Seqanswers Leaderboard Ad

Collapse

Announcement

Collapse
No announcement yet.
X
 
  • Filter
  • Time
  • Show
Clear All
new posts

  • Help- Illumina Sequencing Reads Quality Scale Problem!

    Hi,
    Our lab asked a seq company to do the illumina seq for a snail. However, the illumina reads they produced seem have some problems, since I used jellyfish to do k-mer analysis, and didn't find any coverage peaks even after quality filtration and trimming for 50x coverage - which shows very high quality score in fastqc check. Since the reads have expected hits in our transcriptome, we can rule out reads contamination. Then the only possible reason I could think is the reads quality scale is completely wrong in base calling procedure. For example, it's put Q30 on , but actually it's Q10 or lower.
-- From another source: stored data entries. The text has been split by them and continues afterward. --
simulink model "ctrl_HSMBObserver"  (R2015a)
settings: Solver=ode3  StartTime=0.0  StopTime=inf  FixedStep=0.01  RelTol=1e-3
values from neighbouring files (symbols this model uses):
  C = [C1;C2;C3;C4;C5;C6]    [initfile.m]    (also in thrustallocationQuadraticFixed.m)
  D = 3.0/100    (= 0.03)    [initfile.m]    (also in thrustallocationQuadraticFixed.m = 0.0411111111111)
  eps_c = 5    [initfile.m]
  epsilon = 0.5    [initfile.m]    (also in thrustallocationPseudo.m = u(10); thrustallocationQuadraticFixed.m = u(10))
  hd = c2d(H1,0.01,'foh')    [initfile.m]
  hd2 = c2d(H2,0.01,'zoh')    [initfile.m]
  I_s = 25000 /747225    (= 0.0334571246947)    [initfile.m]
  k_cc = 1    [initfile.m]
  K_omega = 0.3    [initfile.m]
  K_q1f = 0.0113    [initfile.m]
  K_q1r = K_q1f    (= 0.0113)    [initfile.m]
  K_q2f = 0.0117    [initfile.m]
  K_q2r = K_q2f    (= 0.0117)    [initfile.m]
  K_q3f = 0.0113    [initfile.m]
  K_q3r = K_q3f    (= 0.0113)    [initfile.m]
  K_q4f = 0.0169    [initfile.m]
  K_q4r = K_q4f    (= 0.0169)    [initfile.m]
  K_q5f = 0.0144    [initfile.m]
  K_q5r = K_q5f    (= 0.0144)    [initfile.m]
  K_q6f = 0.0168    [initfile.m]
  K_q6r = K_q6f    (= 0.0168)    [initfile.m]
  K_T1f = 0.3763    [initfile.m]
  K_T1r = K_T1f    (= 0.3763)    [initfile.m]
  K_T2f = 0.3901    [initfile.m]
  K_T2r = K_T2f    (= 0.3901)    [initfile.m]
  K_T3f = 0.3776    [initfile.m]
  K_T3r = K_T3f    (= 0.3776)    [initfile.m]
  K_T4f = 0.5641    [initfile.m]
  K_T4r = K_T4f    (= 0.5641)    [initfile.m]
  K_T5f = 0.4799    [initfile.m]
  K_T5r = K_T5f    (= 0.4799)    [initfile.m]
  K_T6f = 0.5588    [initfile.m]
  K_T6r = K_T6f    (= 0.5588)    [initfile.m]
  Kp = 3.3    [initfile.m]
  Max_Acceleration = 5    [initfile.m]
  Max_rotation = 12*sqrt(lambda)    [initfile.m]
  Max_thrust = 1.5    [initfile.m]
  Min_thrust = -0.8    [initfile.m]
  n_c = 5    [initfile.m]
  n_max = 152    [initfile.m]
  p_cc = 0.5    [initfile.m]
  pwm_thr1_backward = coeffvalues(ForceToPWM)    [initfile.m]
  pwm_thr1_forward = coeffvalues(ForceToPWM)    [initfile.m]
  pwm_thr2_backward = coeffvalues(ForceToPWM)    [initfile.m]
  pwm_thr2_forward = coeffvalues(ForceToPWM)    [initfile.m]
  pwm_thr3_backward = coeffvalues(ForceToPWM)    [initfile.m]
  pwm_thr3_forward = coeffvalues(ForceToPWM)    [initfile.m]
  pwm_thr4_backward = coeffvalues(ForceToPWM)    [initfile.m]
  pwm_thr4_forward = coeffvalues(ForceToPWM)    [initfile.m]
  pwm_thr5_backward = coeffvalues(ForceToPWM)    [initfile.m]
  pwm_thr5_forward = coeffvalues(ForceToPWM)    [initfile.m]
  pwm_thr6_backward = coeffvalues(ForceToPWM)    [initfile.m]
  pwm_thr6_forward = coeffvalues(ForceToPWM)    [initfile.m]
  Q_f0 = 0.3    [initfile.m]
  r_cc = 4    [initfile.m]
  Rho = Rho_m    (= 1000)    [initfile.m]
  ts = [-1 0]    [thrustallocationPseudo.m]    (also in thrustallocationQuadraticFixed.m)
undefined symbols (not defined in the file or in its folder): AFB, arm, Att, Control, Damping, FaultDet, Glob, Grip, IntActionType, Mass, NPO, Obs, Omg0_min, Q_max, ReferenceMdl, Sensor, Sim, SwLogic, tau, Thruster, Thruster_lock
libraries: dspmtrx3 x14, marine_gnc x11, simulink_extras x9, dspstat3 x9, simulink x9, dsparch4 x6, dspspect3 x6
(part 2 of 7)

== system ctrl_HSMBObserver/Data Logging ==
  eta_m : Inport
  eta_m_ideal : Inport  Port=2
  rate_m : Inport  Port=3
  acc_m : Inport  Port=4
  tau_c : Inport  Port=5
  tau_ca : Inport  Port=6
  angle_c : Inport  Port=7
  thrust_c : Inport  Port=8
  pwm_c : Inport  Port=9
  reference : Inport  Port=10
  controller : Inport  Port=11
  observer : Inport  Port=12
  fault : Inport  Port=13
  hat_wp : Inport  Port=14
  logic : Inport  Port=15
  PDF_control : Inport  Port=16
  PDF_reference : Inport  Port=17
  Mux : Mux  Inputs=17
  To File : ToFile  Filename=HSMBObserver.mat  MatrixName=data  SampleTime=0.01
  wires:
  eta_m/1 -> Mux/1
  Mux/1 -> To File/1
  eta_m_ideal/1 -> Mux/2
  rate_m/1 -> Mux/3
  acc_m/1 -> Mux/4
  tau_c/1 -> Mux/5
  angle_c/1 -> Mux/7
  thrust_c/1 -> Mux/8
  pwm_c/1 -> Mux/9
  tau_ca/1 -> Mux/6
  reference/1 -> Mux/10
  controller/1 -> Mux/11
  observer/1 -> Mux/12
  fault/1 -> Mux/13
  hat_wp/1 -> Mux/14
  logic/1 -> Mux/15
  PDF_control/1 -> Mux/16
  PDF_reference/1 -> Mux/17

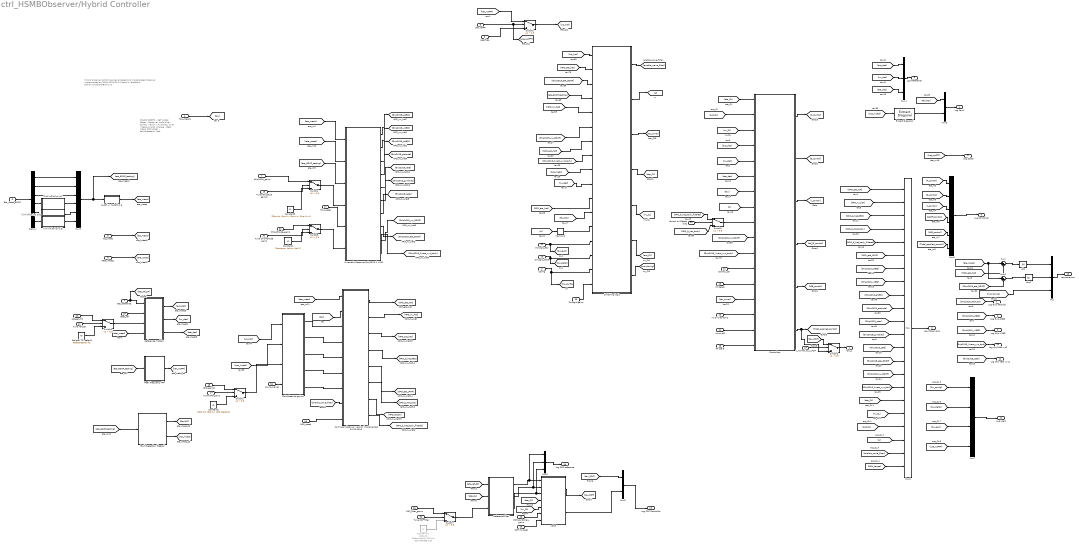
== system ctrl_HSMBObserver/Hybrid Controller ==
  note: Hybrid observer combining signal-based and model-based observer
      | Implemented on CSAD 2016-12-14
      | Astrid H. Brodtkorb astrid.h.brodtkorb@ntnu.no
  note: COLOR CODES:
      | 	- Ref model: Green
      | 	- Observer: Light blue
      | 	- Control: Yellow
      | 	- Hybrid/CL: Cyan
      | 	- Measurments: Orange
      | 	- Ideal meas: Dark green
      | 	- FaultDetection: Red
  Eta_reference : Inport
  Config : Inport  Port=2
  Eta_meas_6DOF : Inport  Port=3
  Tau_meas1 : Inport  Port=4
  Acc_meas : Inport  Port=5
  Rate_meas1 : Inport  Port=6
  Grip2015_gains : Inport  Port=7
  Use wpFFT : Inport  Port=8
  peakfreq : Inport  Port=9
  SwLogic_delta : Inport  Port=10
  SwLogic_eps : Inport  Port=11
  Control_par : Inport  Port=12
  Int Reset : Inport  Port=13
  Tune NPO gains : Inport  Port=14
  NPO_gains1 : Inport  Port=15
  Tune Grip2015 gains1 : Inport  Port=16
  Grip_reset : Inport  Port=17
  NPO_reset : Inport  Port=18
  reset_ref : Inport  Port=19
  ref_gen_TC : Inport  Port=20
  Tune ref gen : Inport  Port=21
  Normal or filtered bias : Inport  Port=22
  Int or bias comp : Inport  Port=23
  Int on/off : Inport  Port=24
  ref scale : Inport  Port=25
  PDF_filter_gains : Inport  Port=26
  u_normal_or_u_PDF : Inport  Port=27
  PDF_controller_gains : Inport  Port=28
  PDF int reset : Inport  Port=29
  Tune PDF filter : Inport  Port=30
  GripAttitude_gains : Inport  Port=31
  Tune GripAttitude gains : Inport  Port=32
  SwLogic.gains : Inport  Port=33
  K2_no_waves : Inport  Port=34
  6_dof --> 3_dof1,2,6 : Subsystem
  Abs : Abs
  Abs1 : Abs
  Calc observer gains1 : Subsystem  mask{lmb=Obs.NPO.lmb, k=Obs.NPO.k, zeta=Obs.NPO.damp}
      mask prompts: lmb "Control.VessObs.lmb{i}=lmb"; k "Control.VessObs.k{i}=k"; zeta "Control.VessObs.damp{i}=zeta"
  Constant1 : Constant  Value=[Att.sigma, Att.Kp, Att.Ki]
  Constant2 : Constant  Value=[NPO.K3, NPO.K4, NPO.scaleK2]
  Constant3 : Constant  Value=[Grip.Kp, Grip.Kv, Grip.Kxi, Grip.Kvvr]
  Controllers : Subsystem
  Demux : Demux  Outputs=6
  Extract Diagonal : dspmtrx3/Extract Diagonal
  Fault Detection (freeze) : Subsystem
  Kinematic Observer Grip2015 + VVR1 : Subsystem
  Memory2 : Memory  X0=Obs.Initial
  Mux : Mux  Inputs=3
  Mux2 : Mux  Inputs=6
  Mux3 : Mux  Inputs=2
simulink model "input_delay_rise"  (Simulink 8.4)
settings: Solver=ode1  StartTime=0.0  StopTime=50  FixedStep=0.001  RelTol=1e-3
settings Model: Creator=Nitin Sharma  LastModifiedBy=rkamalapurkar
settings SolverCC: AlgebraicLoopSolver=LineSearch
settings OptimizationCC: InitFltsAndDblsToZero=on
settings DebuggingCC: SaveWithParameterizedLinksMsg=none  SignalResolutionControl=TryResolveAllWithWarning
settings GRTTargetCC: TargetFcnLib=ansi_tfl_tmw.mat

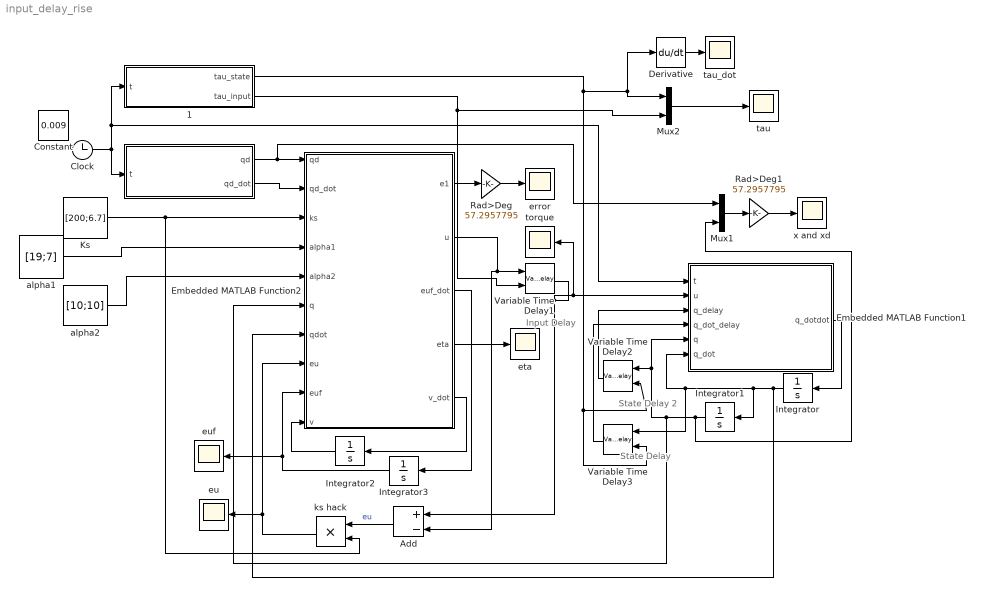
== system input_delay_rise ==
  note: State Delay 2
  note: State Delay
  note: Input Delay
  "    " : MATLAB Function  TreatAsAtomicUnit=on
  "    1" : MATLAB Function  TreatAsAtomicUnit=on
  Add : Sum  Inputs=+-
  Clock : Clock
  Derivative : Derivative
  Embedded MATLAB Function1 : MATLAB Function  TreatAsAtomicUnit=on
  Embedded MATLAB Function2 : MATLAB Function  TreatAsAtomicUnit=on
  Integrator{,1..3} (4 alike) : Integrator  InitialCondition=[0;0]
  Ks : Constant  Value=[200;6.7]
  Mux1 : Mux  Inputs=2
  Mux2 : Mux  Inputs=2
  Rad>Deg : Gain  Gain=57.2957795
  Rad>Deg1 : Gain  Gain=57.2957795
  Variable Time Delay1 : VariableTransportDelay  ZeroDelay=on
  Variable Time Delay2 : VariableTransportDelay  Tag=State Delay  ZeroDelay=on
  Variable Time Delay3 : VariableTransportDelay  Tag=State Delay  ZeroDelay=on
  alpha1 : Constant  Value=[19;7]
  alpha2 : Constant  Value=[10;10]
  error : Scope
      settings: TimeRange=50  YMin=-6  YMax=6  SaveName=error_case1
  eta : Scope
      settings: TimeRange=30  YMin=-0.4  YMax=0.4
  eu : Scope
      settings: TimeRange=50  YMin=-25  YMax=25  SaveName=ScopeData3
  euf : Scope
      settings: TimeRange=50  YMin=-2.5  YMax=2.5  SaveName=ScopeData2
  ks hack : Product  RndMeth=Zero
  tau : Scope
      settings: TimeRange=50  YMin=1.38778e-017  YMax=0.425  SaveName=tau_case1
  tau_dot : Scope
      settings: TimeRange=50  YMin=-4.853400055473372  YMax=5.122445913461537  SaveName=error2
  torque : Scope
      settings: TimeRange=50  YMin=-7  YMax=7  SaveName=u1_case1
  x and xd : Scope
      settings: TimeRange=50  YMin=-40  YMax=60  SaveName=x_xd_case1
  Constant : Constant  IOType=siggen  Value=0.009
  wires:
  Embedded MATLAB Function1/1(q_dotdot) -> Integrator/1
  Rad>Deg/1 -> error/1
  Clock/1 -> "    "/1(t), "    1"/1(t), Embedded MATLAB Function1/1(t)
  "    1"/1(tau_state) -> Mux2/1, Derivative/1, Variable Time Delay2/2, Variable Time Delay3/2
  Derivative/1 -> tau_dot/1
  "    "/1(qd) -> Embedded MATLAB Function2/1(qd), Mux1/1
  "    "/2(qd_dot) -> Embedded MATLAB Function2/2(qd_dot)
  "    1"/2(tau_input) -> Mux2/2, Variable Time Delay1/2
  Integrator2/1 -> Embedded MATLAB Function2/10(v)
  Integrator3/1 -> Embedded MATLAB Function2/9(euf), euf/1
  Variable Time Delay1/1 -> torque/1, Embedded MATLAB Function1/2(u), Add/1
  Embedded MATLAB Function2/2(u) -> Add/2, Variable Time Delay1/1
  Embedded MATLAB Function2/5(v_dot) -> Integrator2/1
  Embedded MATLAB Function2/3(euf_dot) -> Integrator3/1
  Embedded MATLAB Function2/1(e1) -> Rad>Deg/1
  ks hack/1 -> Embedded MATLAB Function2/8(eu), eu/1
  Add/1 -> ks hack/1  "eu"
  Ks/1 -> Embedded MATLAB Function2/3(ks), ks hack/2
  Mux1/1 -> Rad>Deg1/1
  Rad>Deg1/1 -> x and xd/1
  alpha1/1 -> Embedded MATLAB Function2/4(alpha1)
  alpha2/1 -> Embedded MATLAB Function2/5(alpha2)
  Embedded MATLAB Function2/4(eta) -> eta/1
  Integrator/1 -> Embedded MATLAB Function1/6(q_dot), Variable Time Delay3/1, Integrator1/1, Embedded MATLAB Function2/7(qdot)
  Integrator1/1 -> Mux1/2, Embedded MATLAB Function1/5(q), Variable Time Delay2/1, Embedded MATLAB Function2/6(q)
  Variable Time Delay2/1 -> Embedded MATLAB Function1/3(q_delay)
  Variable Time Delay3/1 -> Embedded MATLAB Function1/4(q_dot_delay)
  Mux2/1 -> tau/1

== matlab function Embedded MATLAB Function1 ==
  data: t input double; u input double; q_delay input double; q_dot_delay input double; q input double; q_dotdot output double; q_dot input double
function q_dotdot  = dynamics(t,u,q_delay,q_dot_delay,q,q_dot)

p1=3.473;
p2=.193;
p3=.242;
p4=0.467;
p5=0.234;
fd1=5.3;
fd2=1.1;
M  = [ p1+2*p3*cos(q(2))   , p2+p3*cos(q(2));
       p2+p3*cos(q(2))     , p2              ];
Vm = [ -p3*sin(q_delay(2))*q_dot_delay(2)  , -p3*sin(q_delay(2))*(q_dot_delay(1)+q_dot_delay(2));
        p3*sin(q_delay(2))*q_dot_delay(1)  , 0                                 ];
Fd = diag([fd1,fd2]);
f = [-p4*sin(q(2));
     p5*sin(q(2))*q_dot(2)];
Td = [ 0.2*sin(t/2) ; 0.1*sin(t/4) ];

%T = u - Vm*q_dot - Fd*q_dot;
T = u - Vm*q_dot_delay - Fd*q_dot_delay - f - Td;
q_dotdot=M\T;

end

== matlab function Embedded MATLAB Function2 ==
  data: qd input double; qd_dot input double; ks input double; alpha1 input double; alpha2 input double; q input double; e1 output double; u output double; qdot input double; eu input double; euf input double; v input double; euf_dot output double; eta output double; v_dot output double
function [e1,u,euf_dot,eta,v_dot] = controller(qd,qd_dot,ks,alpha1,alpha2,q,qdot,eu,euf,v)

    % time delay changes 
    %k = diag([17,0.65]); alpha1 = diag([15,32]); % slow, large
    %k = diag([80,15]); alpha1 = diag([35,25]); % slow, small
    %k = diag([15,0.9]); alpha1 = diag([20,29]); % fast, large
    %k = diag([80,15]); alpha1 = diag([35,25]); % fast, small
    
    alpha1_d = diag(alpha1); 
    alpha2_d = diag(alpha2);
    ks_d = diag(ks);
    
    % Proposed
    e1 = qd - q;
    e1_dot = qd_dot - qdot; 
    e2 = e1_dot + alpha1_d*e1;
    euf_dot = -alpha2_d*euf + eu;
    eta = e2+euf;
    u = ks_d*e2 + v;
    v_dot = ks_d*e2 + eu;% + beta_d*sign(eta);  % eu is already multiplied by ks outside the controller block
    
end


% 0 delay:
% ks=65,3.5
% a1=65,25
% a2=200,20
% beta=1,0.2

== matlab function     1 ==
  data: tau_state output double; t input double; tau_input output double
function [tau_state,tau_input] = TimeDelay(t)

% test1 -- input: slow, large
% magVal_i = 0.05; phaseVal_i = 10; offset_i = 0.1; %input - slow, large 
% magVal_s = 0.005; phaseVal_s = 8; offset_s = 0.01; %state - slow, small
% % 250,1.83 | 19.5,7.5 | 1.5,1.5 |error<3 degree

% test2 -- input: fast, small
% magVal_i = 0.01; phaseVal_i = 3; offset_i = 0.03; %input - fast, small
% magVal_s = 0.01; phaseVal_s = 2; offset_s = 0.04; %state - fast, large
% % 200,4.6 | 15,8 | 10,10 |error<0.92 degree
% 
% % test3 -- input: fast, large
% magVal_i = 0.05; phaseVal_i = 2; offset_i = 0.1; %input - fast, large
% magVal_s = 0.01; phaseVal_s = 10; offset_s = 0.04; %state - slow, large
% 200,1.5 | 19.5,7.5 | 10,10 |error<3.57 degree

% % test4 -- input: slow, large
% magVal_i = 0.05; phaseVal_i = 10; offset_i = 0.1; %input - slow, large
% magVal_s = 0.01; phaseVal_s = 10; offset_s = 0.04; %state - slow, large
% 100,1.33 | 19,7 | 10,10 |error<4.21 degree

% % % test5 -- 
magVal_i = 0.005; phaseVal_i = 2; offset_i = 0.03; %input - fast, small
magVal_s = 0.05; phaseVal_s = 1; offset_s = .8; %state - fast, large
% 200,6.7 | 19,7 | 10,10 |error<0.7 degree

% test4 compare to UUB
%  magVal_i = 0.01; phaseVal_i = 3; offset_i = 0.03; %input - fast, small
%  magVal_s = 0; phaseVal_s = 2; offset_s = 0; %state - fast, large
% 200,6.7 | 19,7 | 10,10 | error<0.76 degree


% input delay
%magVal_i = 0.02; phaseVal_i = 10; offset_i = 0.03;
tau_input = magVal_i*sin(t/phaseVal_i)+offset_i;

% state delay
%magVal_s = 0.001; phaseVal_s = 3; offset_s = 0.005;
tau_state = magVal_s*sin(t/phaseVal_s)+offset_s;

% good gains
% 80,2.5
% 30,13
% 100,10
% 0.7,0.1

end

== matlab function      ==
  data: qd output double; qd_dot output double; t input double
function [qd,qd_dot] = TrajGen(t)

qd = [(30*(3.1415/180)*sin(1.5*t)+20*(3.1415/180))*(1-exp(-0.01*t^3)); -(20*(3.1415/180)*sin(0.5*t)+10*(3.1415/180))*(1-exp(-0.01*t^3))];
qd_dot = [    (3*t^2*((6283*sin((3*t)/2))/12000 + 6283/18000))/(100*exp(t^3/100)) - (6283*cos((3*t)/2)*(1/exp(t^3/100) - 1))/8000;
        (6283*cos(t/2)*(1/exp(t^3/100) - 1))/36000 - (3*t^2*((6283*sin(t/2))/18000 + 6283/36000))/(100*exp(t^3/100)) ];

% qd = [0.1*sin(t);0.5*sin(t)];
% qd_dot = [0.1*cos(t);0.5*cos(t)];

end
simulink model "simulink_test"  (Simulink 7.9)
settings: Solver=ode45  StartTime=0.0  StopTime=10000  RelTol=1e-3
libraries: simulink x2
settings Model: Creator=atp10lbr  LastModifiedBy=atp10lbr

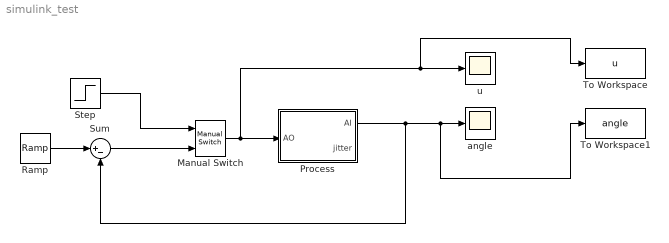
== system simulink_test ==
  Manual Switch : simulink/Signal Routing/Manual Switch  sw=1  action=0  varsize=off
  "Process " : Subsystem  mask(SISO Process){AOno=0, AIno=0, h=0.01}
      mask prompts: AOno "AO connection"; AIno "AI connection"; h "Sample Period"
      mask help:
      | Process communication block.
      | For use with Linux on PC with I/O.
      mask Help:
      | AO connection - specifies the analogue output connection on the I/O module on the back of the PC.
      | <p>
      | AI connection - specifies the analogue input connection on the I/O module on the back of the PC.
      | 
      | <p>
      |  Sample period - the sample period.
      | <p>
      | Jitter - vector with computer CPU load during sample periods, which ranges from zero to one. If value equal to one it is likely that a sample has been missed.
  Ramp : simulink/Sources/Ramp  slope=0.1  start=10  X0=-5
  Step : Step  Time=3  Before=-1  SampleTime=0
  Sum : Sum  Inputs=|+-
  To Workspace : ToWorkspace  VariableName=u  SampleTime=-1  SaveFormat=Timeseries
  To Workspace1 : ToWorkspace  VariableName=angle  SampleTime=-1  SaveFormat=Timeseries
  angle : Scope
      settings: TimeRange=200  YMin=-10  YMax=7.5
  u : Scope
      settings: TimeRange=200  YMin=-7  YMax=4
  wires:
  Ramp/1 -> Sum/1
  "Process "/1(AI) -> Sum/2, angle/1, To Workspace1/1
  Manual Switch/1 -> "Process "/1(AO), u/1, To Workspace/1
  Sum/1 -> Manual Switch/2
  Step/1 -> Manual Switch/1

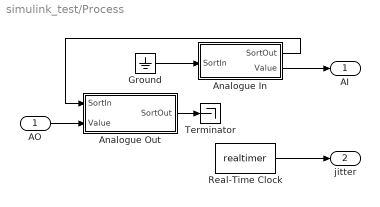
== system simulink_test/Process  ==
  AO : Inport
  Analogue In : Subsystem  mask(AnalogueIOBlock){h=h, AIno=AIno}
      mask prompts: h "Sample period"; AIno "Input port number"
      mask help: Analogue input block for use on PC running Linux.
  Analogue Out : Subsystem  mask(AnalogueIOBlock){h=h, AOno=AOno}
      mask prompts: h "Sample period"; AOno "Output port number"
      mask help: Analogue output block for use on PC running Linux
  Ground : Ground
  Real-Time Clock : S-Function  FunctionName=realtimer  Parameters=h  EnableBusSupport=off
  Terminator : Terminator
  AI : Outport  InitialOutput=0
  jitter : Outport  Port=2
  wires:
  Ground/1 -> Analogue In/1(SortIn)
  Analogue In/2(Value) -> AI/1
  Real-Time Clock/1 -> jitter/1
  AO/1 -> Analogue Out/2(Value)
  Analogue In/1(SortOut) -> Analogue Out/1(SortIn)
  Analogue Out/1(SortOut) -> Terminator/1

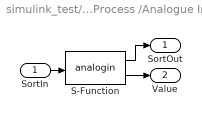
== system simulink_test/Process /Analogue In ==
  SortIn : Inport
  S-Function : S-Function  FunctionName=analogin  Parameters=h AIno  EnableBusSupport=off
  SortOut : Outport  InitialOutput=0
  Value : Outport  Port=2  InitialOutput=0
  wires:
  S-Function/2 -> Value/1
  SortIn/1 -> S-Function/1
  S-Function/1 -> SortOut/1

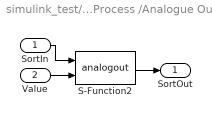
== system simulink_test/Process /Analogue Out ==
  SortIn : Inport
  Value : Inport  Port=2
  S-Function2 : S-Function  FunctionName=analogout  Parameters=h AOno  EnableBusSupport=off
  SortOut : Outport  InitialOutput=0
  wires:
  Value/1 -> S-Function2/2
  S-Function2/1 -> SortOut/1
  SortIn/1 -> S-Function2/1

    Could anyone give us some ideas how the base calling procedure would fail in seq process, and could anyone give us some suggestions ? We have already spent huge amount of money on it...

    Thank you very much!!
    Looking forward to your reply!
    Best,
    Qing

  • #2
    It's pretty unlikely that the base calling has mis-assigned high quality scores to your data when it's actually really poor, if anything the illumina pipeline tends to go the other way and mark good data as bad.

    It wasn't really clear to me how you've decided that your data is bad - you said you have hits to your transcriptome, so presumably you can see the degree of similarity and get some idea of how good your data is from that.

    When you did your fastqc analysis what did the per-sequence GC plot look like? Genomic reads from a clean source should generally produce a nice looking normal distribution in this plot. If you have contamination with a different organism (with a different GC content) you should get some idea from that.

    Comment


    • #3
      Originally posted by simonandrews View Post
      It's pretty unlikely that the base calling has mis-assigned high quality scores to your data when it's actually really poor, if anything the illumina pipeline tends to go the other way and mark good data as bad.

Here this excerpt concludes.